Desa Penglipuran termasuk ke dalam desa terbersih di dunia. Selain itu, untuk mengelilingi desa ini tidak boleh menggunakan kendaraan bermotor serta di sediakan pula tempat sampah setiap 30 meter untuk menjaga keasrian desa ini.

6. Desa Trunyan

Desa Trunyan terletak di Kecamatan Kintamani, Kabupaten Bangli, sekitar 32 kilometer dari Kota Bangli. Dan Desa ini menjadi salah satu Desa Bali Asli atau Bali Aga karena penduduk di desa ini merupakan penduduk asli yang beragama Hindu.

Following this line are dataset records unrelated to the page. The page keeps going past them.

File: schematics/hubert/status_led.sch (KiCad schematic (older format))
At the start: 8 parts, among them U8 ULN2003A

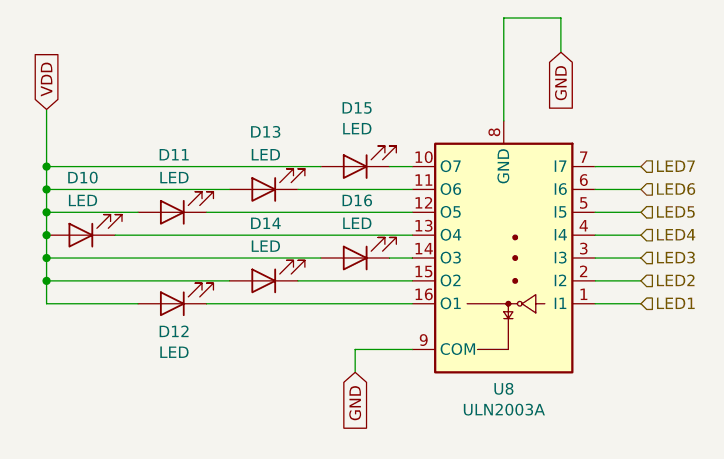
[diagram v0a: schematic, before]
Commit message: fixed ERC problems and added connector for input pins
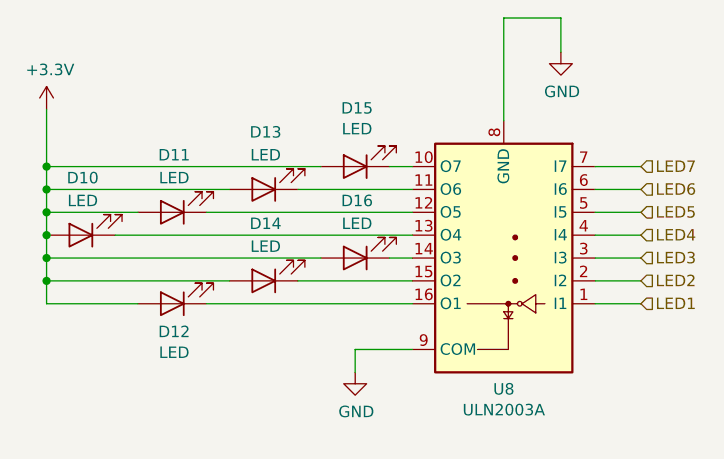
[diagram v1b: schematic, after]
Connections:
- net VDD renamed +3V3
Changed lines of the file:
@@
 Text HLabel 6850 3500 2    50   Input ~ 0
 LED7
-Text GLabel 5600 4400 3    50   Input ~ 0
-GND
 $Comp
 L Transistor_Array:ULN2003A U8
@@
 Wire Wire Line
 	5600 4300 5600 4400
-Text GLabel 6500 3000 3    50   Input ~ 0
-GND
 Wire Wire Line
 	6250 3300 6250 2850
@@
 Wire Wire Line
 	5450 3500 4250 3500
-Text GLabel 4250 3250 1    50   Input ~ 0
-VDD
 Wire Wire Line
 	4250 3250 4250 3500
@@
 Wire Wire Line
 	4250 4000 4250 4100
+$Comp
+L power:+3.3V #PWR0127
+U 1 1 5BE2D2EF
+P 4250 3250
+F 0 "#PWR0127" H 4250 3100 50  0001 C CNN
+F 1 "+3.3V" H 4265 3423 50  0000 C CNN
+F 2 "" H 4250 3250 50  0001 C CNN
+F 3 "" H 4250 3250 50  0001 C CNN
+	1    4250 3250
+	1    0    0    -1
+$EndComp
+$Comp
+L power:GND #PWR0128
+U 1 1 5BE2D328
+P 6500 3000
+F 0 "#PWR0128" H 6500 2750 50  0001 C CNN
+F 1 "GND" H 6505 2827 50  0000 C CNN
+F 2 "" H 6500 3000 50  0001 C CNN
+F 3 "" H 6500 3000 50  0001 C CNN
+	1    6500 3000
+	1    0    0    -1
+$EndComp
+$Comp
+L power:GND #PWR0129
+U 1 1 5BE2D361
+P 5600 4400
+F 0 "#PWR0129" H 5600 4150 50  0001 C CNN
+F 1 "GND" H 5605 4227 50  0000 C CNN
+F 2 "" H 5600 4400 50  0001 C CNN
+F 3 "" H 5600 4400 50  0001 C CNN
+	1    5600 4400
+	1    0    0    -1
+$EndComp
 $EndSCHEMATC

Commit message: started working on layout
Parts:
- D10, D11, D12, D13, D14, D15, D16: footprint (none) -> LED_THT:LED_D5.0mm
- U8: footprint (none) -> Package_DIP:DIP-16_W7.62mm_Socket
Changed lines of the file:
@@
 Sheet 7 7
 Title "Hubert"
-Date "2018-11-02"
-Rev "1.1"
+Date "2018-11-05"
+Rev "1.2"
 Comp ""
 Comment1 ""
@@
 F 0 "U8" H 6250 4474 50  0000 C CNN
 F 1 "ULN2003A" H 6250 4565 50  0000 C CNN
-F 2 "" H 6300 3350 50  0001 L CNN
+F 2 "Package_DIP:DIP-16_W7.62mm_Socket" H 6300 3350 50  0001 L CNN
 F 3 "http://www.ti.com/lit/ds/symlink/uln2003a.pdf" H 6350 3700 50  0001 C CNN
 	1    6250 3900
@@
 F 0 "D15" H 5592 3245 50  0000 C CNN
 F 1 "LED" H 5592 3336 50  0000 C CNN
-F 2 "" H 5600 3500 50  0001 C CNN
+F 2 "LED_THT:LED_D5.0mm" H 5600 3500 50  0001 C CNN
 F 3 "~" H 5600 3500 50  0001 C CNN
 	1    5600 3500
@@
 F 0 "D13" H 5192 3350 50  0000 C CNN
 F 1 "LED" H 5192 3450 50  0000 C CNN
-F 2 "" H 5200 3600 50  0001 C CNN
+F 2 "LED_THT:LED_D5.0mm" H 5200 3600 50  0001 C CNN
 F 3 "~" H 5200 3600 50  0001 C CNN
 	1    5200 3600
@@
 F 0 "D11" H 4792 3450 50  0000 C CNN
 F 1 "LED" H 4792 3550 50  0000 C CNN
-F 2 "" H 4800 3700 50  0001 C CNN
+F 2 "LED_THT:LED_D5.0mm" H 4800 3700 50  0001 C CNN
 F 3 "~" H 4800 3700 50  0001 C CNN
 	1    4800 3700
@@
 F 0 "D10" H 4392 3550 50  0000 C CNN
 F 1 "LED" H 4392 3650 50  0000 C CNN
-F 2 "" H 4400 3800 50  0001 C CNN
+F 2 "LED_THT:LED_D5.0mm" H 4400 3800 50  0001 C CNN
 F 3 "~" H 4400 3800 50  0001 C CNN
 	1    4400 3800
@@
 F 0 "D16" H 5592 3650 50  0000 C CNN
 F 1 "LED" H 5592 3750 50  0000 C CNN
-F 2 "" H 5600 3900 50  0001 C CNN
+F 2 "LED_THT:LED_D5.0mm" H 5600 3900 50  0001 C CNN
 F 3 "~" H 5600 3900 50  0001 C CNN
 	1    5600 3900
@@
 F 0 "D14" H 5192 3750 50  0000 C CNN
 F 1 "LED" H 5192 3850 50  0000 C CNN
-F 2 "" H 5200 4000 50  0001 C CNN
+F 2 "LED_THT:LED_D5.0mm" H 5200 4000 50  0001 C CNN
 F 3 "~" H 5200 4000 50  0001 C CNN
 	1    5200 4000
@@
 F 0 "D12" H 4792 4223 50  0000 C CNN
 F 1 "LED" H 4792 4314 50  0000 C CNN
-F 2 "" H 4800 4100 50  0001 C CNN
+F 2 "LED_THT:LED_D5.0mm" H 4800 4100 50  0001 C CNN
 F 3 "~" H 4800 4100 50  0001 C CNN
 	1    4800 4100

Trunyan di ambil dari kata Taru dan Menyan yang merupakan pohon wangi yang tumbuh di desa tersebut. Penduduk di desa ini, menganggap pohon sangat berharga.

Tradisi unik dari masyarakat Trunyan yaitu meletakkan mayat di atas tanah (umumnya masyarakat Bali membakar mayat/ngaben). Konon, pohon wangi ini di percaya sebagai sumber dari alasan jenazah tidak beraroma busuk walaupun hanya di taruh di atas tanah.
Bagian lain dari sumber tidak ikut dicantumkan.